** Available data follows **

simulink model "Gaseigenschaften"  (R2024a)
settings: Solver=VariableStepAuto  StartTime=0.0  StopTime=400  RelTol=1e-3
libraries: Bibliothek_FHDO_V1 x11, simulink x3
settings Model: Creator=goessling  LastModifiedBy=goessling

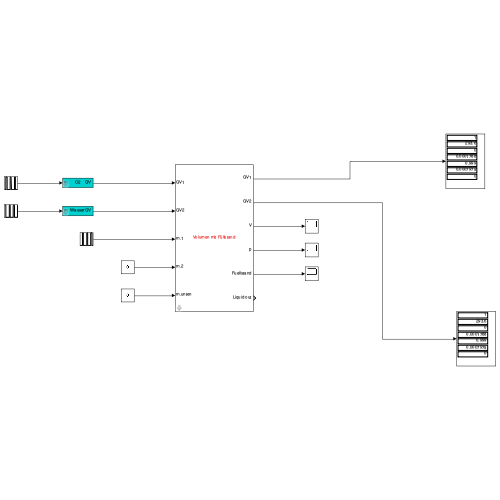
[thumbnail: Simulink's stored preview of the top-level diagram]
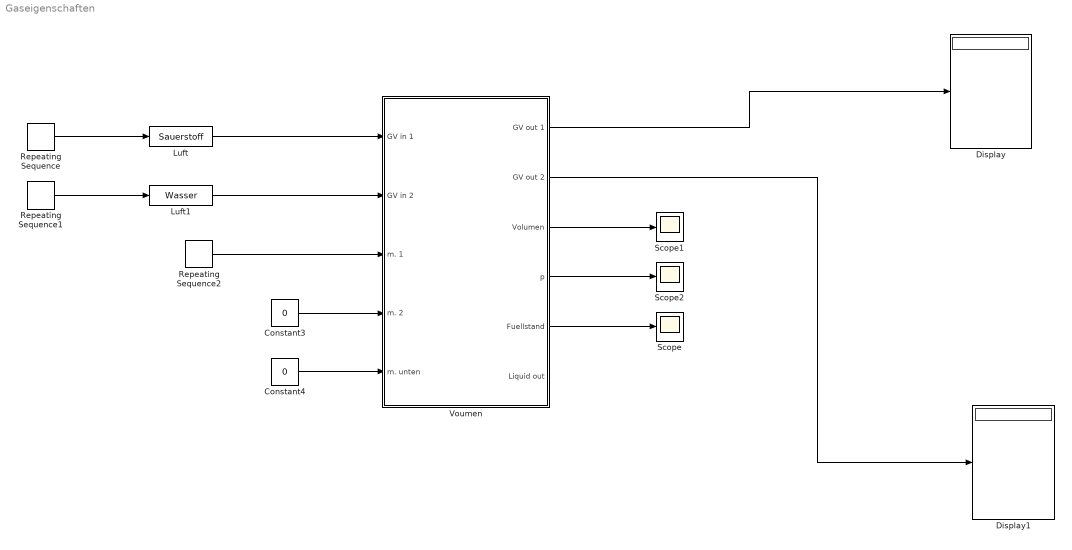
== system Gaseigenschaften ==
  Constant3 : Constant  Value=0
  Constant4 : Constant  Value=0
  Display : Display
  Display1 : Display
  Luft : Bibliothek_FHDO_V1/Sauerstoff  p=1  T=25
  Luft1 : Bibliothek_FHDO_V1/Wasser  p=1  T=25
  Repeating Sequence : simulink/Sources/Repeating Sequence  rep_seq_t=[0 100 100.1 200 200.1 300 300.1 400]  rep_seq_y=[0 0 0.2 0.2 0 0 0 0]
  Repeating Sequence1 : simulink/Sources/Repeating Sequence  rep_seq_t=[0 100 100.1 200 200.1 300 300.1 400]  rep_seq_y=[250 250 0 0 0 0 0 0]
  Repeating Sequence2 : simulink/Sources/Repeating Sequence  rep_seq_t=[0 100 100.1 200 200.1 300 300.1 400]  rep_seq_y=[0 0 0 0 250 250 0 0]
  Scope : Scope
  Scope1 : Scope
  Scope2 : Scope
  Voumen : Subsystem  mask{V=0.1, p_start=1, T_start=25, x_start=[0.1 0.9 0 0]}
      mask prompts: V "Volumen [m^3]"; p_start "p [bar]"; T_start "T [°C]"; x_start "x"
      mask Display:
      | color('red')
      | disp(['Volumen mit Füllstand'])
      | 
      | color('black')
      | port_label('input', 1, 'GV1')
      | port_label('input', 2, 'GV2')
      | port_label('input', 3, 'm.1')
      | port_label('input', 4, 'm.2')
      | port_label('input', 5, 'm.unten')
      | 
      | port_label('output', 1, 'GV1')
      | port_label('output', 2, 'GV2')
      | port_label('output', 3, 'V')
      | port_label('output', 4, 'p')
      | port_label('output', 5, 'Fuellstand')
      | port_label('output', 6, 'Liquid out')
  wires:
  Luft/1 -> Voumen/1(GV in 1)
  Repeating Sequence1/1 -> Luft1/1
  Luft1/1 -> Voumen/2(GV in 2)
  Repeating Sequence/1 -> Luft/1
  Repeating Sequence2/1 -> Voumen/3(m. 1)
  Constant3/1 -> Voumen/4(m. 2)
  Constant4/1 -> Voumen/5(m. unten)
  Voumen/5(Fuellstand) -> Scope/1
  Voumen/3(Volumen) -> Scope1/1
  Voumen/4(p) -> Scope2/1
  Voumen/1(GV out 1) -> Display/1
  Voumen/2(GV out 2) -> Display1/1

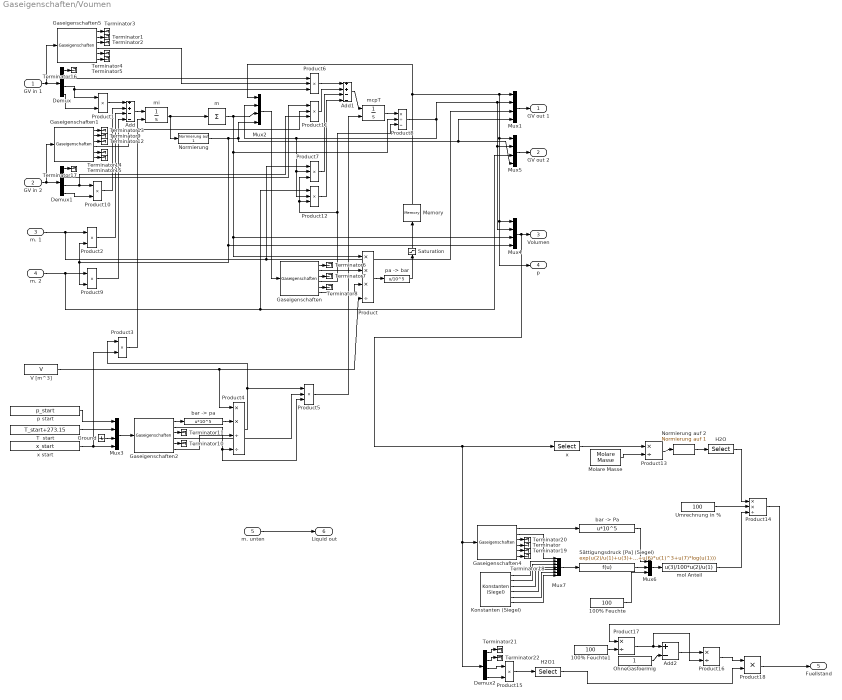
== system Gaseigenschaften/Voumen ==
  GV in 1 : Inport
  GV in 2 : Inport  Port=2
  m. 1 : Inport  Port=3
  m. 2 : Inport  Port=4
  m. unten : Inport  Port=5
  100% Feuchte : Constant  Value=100
  100% Feuchte1 : Constant  Value=100
  Add : Sum  Inputs=++--
  Add1 : Sum  Inputs=++--  SampleTime=.01
  Add2 : Sum  Inputs=+-
  Demux : Demux  Outputs=[1 1 1 4]
  Demux1 : Demux  Outputs=[1 1 1 4]
  Demux2 : Demux  Outputs=[1 1 1 4]
  Gaseigenschaften{,1..2,4..5} (5 alike) : Bibliothek_FHDO_V1/Gaseigenschaften  SystemSampleTime=-1  VariantActivationTime=update diagram  AllowFlexibleInterface=on  Latency=0  AutoFrameSizeCalculation=off
  Ground : Ground
  H2O : Selector  InputPortWidth=4  IndexOptions=Index vector (dialog)  Indices=2  OutputSizes=1
  H2O1 : Selector  InputPortWidth=4  IndexOptions=Index vector (dialog)  Indices=2  OutputSizes=1
  Konstanten (Siegel) : Bibliothek_FHDO_V1/Befeuchter//Abscheider/Konstanten (Siegel)  SystemSampleTime=-1  VariantActivationTime=update diagram  AllowFlexibleInterface=on  Latency=0  AutoFrameSizeCalculation=off
  Memory : Memory  InitialCondition=p_start
  Molare Masse : Bibliothek_FHDO_V1/Molare Masse  SystemSampleTime=-1  VariantActivationTime=update diagram  AllowFlexibleInterface=on  Latency=0  AutoFrameSizeCalculation=off
  Mux{1..5} (5 alike) : Mux
  Mux6 : Mux  Inputs=3
  Mux7 : Mux  Inputs=7
  Normierung : Bibliothek_FHDO_V1/Sauerstoff/Normierung auf 1  SystemSampleTime=-1  VariantActivationTime=update diagram  AllowFlexibleInterface=on  Latency=0  AutoFrameSizeCalculation=off
  Normierung auf 2 : Bibliothek_FHDO_V1/Sauerstoff/Normierung auf 1  SystemSampleTime=-1  VariantActivationTime=update diagram  AllowFlexibleInterface=on  Latency=0  AutoFrameSizeCalculation=off
  OhneGasfoermig : Constant
  Product : Product  Inputs=***/  RndMeth=Zero
  Product{1..3,9..10,15} (6 alike) : Product  RndMeth=Zero
  Product{5..7,11..12} (5 alike) : Product  Inputs=3  RndMeth=Zero
  Product13 : Product  Inputs=*/  RndMeth=Zero
  Product14 : Product  Inputs=**/  RndMeth=Zero
  Product16 : Product  Inputs=*/
  Product17 : Product  Inputs=*/
  Product18 : Product
  Product4 : Product  Inputs=**//  RndMeth=Zero
  Product8 : Product  Inputs=*//  RndMeth=Zero
  Saturation : Saturate  UpperLimit=inf  LowerLimit=1
  Sättigungsdruck [Pa] (Siegel) : Fcn  Expr=exp(u(2)/u(1)+u(3)+u(4)*u(1)+u(5)*u(1)^2+u(6)*u(1)^3+u(7)*log(u(1)))
  T  start : Constant  Value=T_start+273.15
  Terminator{,1..22} (23 alike) : Terminator
  Umrechnung in % : Constant  Value=100
  V [m^3] : Constant  Value=V
  "bar -> Pa" : Fcn  Expr=u*10^5
  "bar -> pa" : Fcn  Expr=u*10^5
  m : Sum  Inputs=+
  mcpT : Integrator  InitialConditionSource=external  InitialCondition=[0 0 0 0 0 0 .21 .79]*1293
  mi : Integrator  InitialConditionSource=external  InitialCondition=[0 0 0 0 0 0 .21 .79]*1293
  mol Anteil : Fcn  Expr=u(3)/100*u(2)/u(1)
  p start : Constant  Value=p_start
  "pa -> bar" : Fcn  Expr=u/10^5
  x : Selector  InputPortWidth=7  IndexOptions=Index vector (dialog)  Indices=[4 5 6 7]  OutputSizes=1
  x start : Constant  Value=x_start
  GV out 1 : Outport
  GV out 2 : Outport  Port=2
  Volumen : Outport  Port=3
  p : Outport  Port=4
  Fuellstand : Outport  Port=5
  Liquid out : Outport  Port=6
  wires:
  GV in 1/1 -> Gaseigenschaften5/1, Demux/1
  Demux/3 -> Product1/1, Product6/3
  Demux/2 -> Product6/1
  Demux/4 -> Product1/2
  Gaseigenschaften/1 -> Terminator6/1
  Gaseigenschaften/4 -> Product8/3, Product7/3, Product12/3
  Product1/1 -> Add/1
  m. 1/1 -> Product2/1, Product7/1, Mux1/3
  mi/1 -> Normierung/1, m/1
  Normierung/1 -> Mux2/4, Mux1/4, Mux5/4, Mux4/4, Product2/2, Product9/2
  Product2/1 -> Add/3
  Add/1 -> mi/1
  m/1 -> Mux2/3, Product8/2, Product/1, Mux4/3
  Mux2/1 -> Gaseigenschaften/1
  Gaseigenschaften5/1 -> Terminator3/1
  Gaseigenschaften5/4 -> Product6/2
  Gaseigenschaften/6 -> Product/3
  Gaseigenschaften/2 -> Product/2
  V [m^3]/1 -> Product4/1, Product/4
  Product/1 -> "pa -> bar"/1
  Mux1/1 -> GV out 1/1
  Gaseigenschaften5/2 -> Terminator1/1
  Gaseigenschaften5/3 -> Terminator2/1
  Gaseigenschaften5/5 -> Terminator4/1
  Gaseigenschaften5/6 -> Terminator5/1
  Gaseigenschaften/3 -> Terminator7/1
  Gaseigenschaften/5 -> Terminator8/1
  "pa -> bar"/1 -> Saturation/1
  x start/1 -> Mux3/4, Product3/2
  Ground/1 -> Mux3/3
  p start/1 -> Mux3/1
  T  start/1 -> Mux3/2
  Mux3/1 -> Gaseigenschaften2/1
  Gaseigenschaften2/1 -> "bar -> pa"/1
  "bar -> pa"/1 -> Product4/2
  Gaseigenschaften2/6 -> Product4/3
  Gaseigenschaften2/2 -> Product4/4, Product5/3
  Gaseigenschaften2/3 -> Terminator11/1
  Gaseigenschaften2/4 -> Product5/2
  Gaseigenschaften2/5 -> Terminator10/1
  Product4/1 -> Product5/1, Product3/1
  Product3/1 -> mi/2
  Product5/1 -> mcpT/2
  Product6/1 -> Add1/1
  Add1/1 -> mcpT/1
  mcpT/1 -> Product8/1
  Product8/1 -> Mux2/2, Product7/2, Product12/2, Mux1/2, Mux4/2, Mux5/2
  Product7/1 -> Add1/3
  m. 2/1 -> Product9/1, Mux5/3, Product12/1
  Product9/1 -> Add/4
  Mux5/1 -> GV out 2/1
  GV in 2/1 -> Gaseigenschaften1/1, Demux1/1
  Gaseigenschaften1/1 -> Terminator13/1
  Gaseigenschaften1/2 -> Terminator9/1
  Gaseigenschaften1/3 -> Terminator12/1
  Gaseigenschaften1/5 -> Terminator14/1
  Gaseigenschaften1/6 -> Terminator15/1
  Demux/1 -> Terminator16/1
  Demux1/1 -> Terminator17/1
  Demux1/3 -> Product10/1, Product11/3
  Demux1/4 -> Product10/2
  Product10/1 -> Add/2
  Product11/1 -> Add1/2
  Product12/1 -> Add1/4
  Gaseigenschaften1/4 -> Product11/2
  Demux1/2 -> Product11/1
  Memory/1 -> Mux1/1, Mux5/1, Mux4/1, p/1, Mux2/1
  Saturation/1 -> Memory/1
  m. unten/1 -> Liquid out/1
  Gaseigenschaften4/6 -> Terminator18/1
  "bar -> Pa"/1 -> Mux6/1
  mol Anteil/1 -> Product14/3
  x/1 -> Product13/1
  Gaseigenschaften4/3 -> Terminator20/1
  Sättigungsdruck [Pa] (Siegel)/1 -> Mux6/2
  H2O/1 -> Product14/1
  Konstanten (Siegel)/6 -> Mux7/7
  Mux4/1 -> x/1, Demux2/1, Gaseigenschaften4/1, Volumen/1
  Gaseigenschaften4/5 -> Terminator19/1
  Product13/1 -> Normierung auf 2/1
  Mux6/1 -> mol Anteil/1
  Normierung auf 2/1 -> H2O/1
  Umrechnung in %/1 -> Product14/2
  Konstanten (Siegel)/2 -> Mux7/3
  Gaseigenschaften4/2 -> Mux7/1
  Mux7/1 -> Sättigungsdruck [Pa] (Siegel)/1
  Gaseigenschaften4/1 -> "bar -> Pa"/1
  100% Feuchte/1 -> Mux6/3
  Konstanten (Siegel)/5 -> Mux7/6
  Gaseigenschaften4/4 -> Terminator/1
  Konstanten (Siegel)/1 -> Mux7/2
  Konstanten (Siegel)/3 -> Mux7/4
  Konstanten (Siegel)/4 -> Mux7/5
  Molare Masse/1 -> Product13/2
  Demux2/3 -> Product15/1
  Demux2/4 -> Product15/2
  Demux2/1 -> Terminator21/1
  Demux2/2 -> Terminator22/1
  Product15/1 -> H2O1/1
  Product14/1 -> Product17/1
  100% Feuchte1/1 -> Product17/2
  Product17/1 -> Product16/2, Add2/1
  OhneGasfoermig/1 -> Add2/2
  Add2/1 -> Product16/1
  Product16/1 -> Product18/1
  H2O1/1 -> Product18/2
  Product18/1 -> Fuellstand/1

** End of Available data **

#### Task statement
Your response should contain each line of the entries above that holds the string "vector".

#### Response for this exercise
  H2O : Selector  InputPortWidth=4  IndexOptions=Index vector (dialog)  Indices=2  OutputSizes=1
  H2O1 : Selector  InputPortWidth=4  IndexOptions=Index vector (dialog)  Indices=2  OutputSizes=1
  x : Selector  InputPortWidth=7  IndexOptions=Index vector (dialog)  Indices=[4 5 6 7]  OutputSizes=1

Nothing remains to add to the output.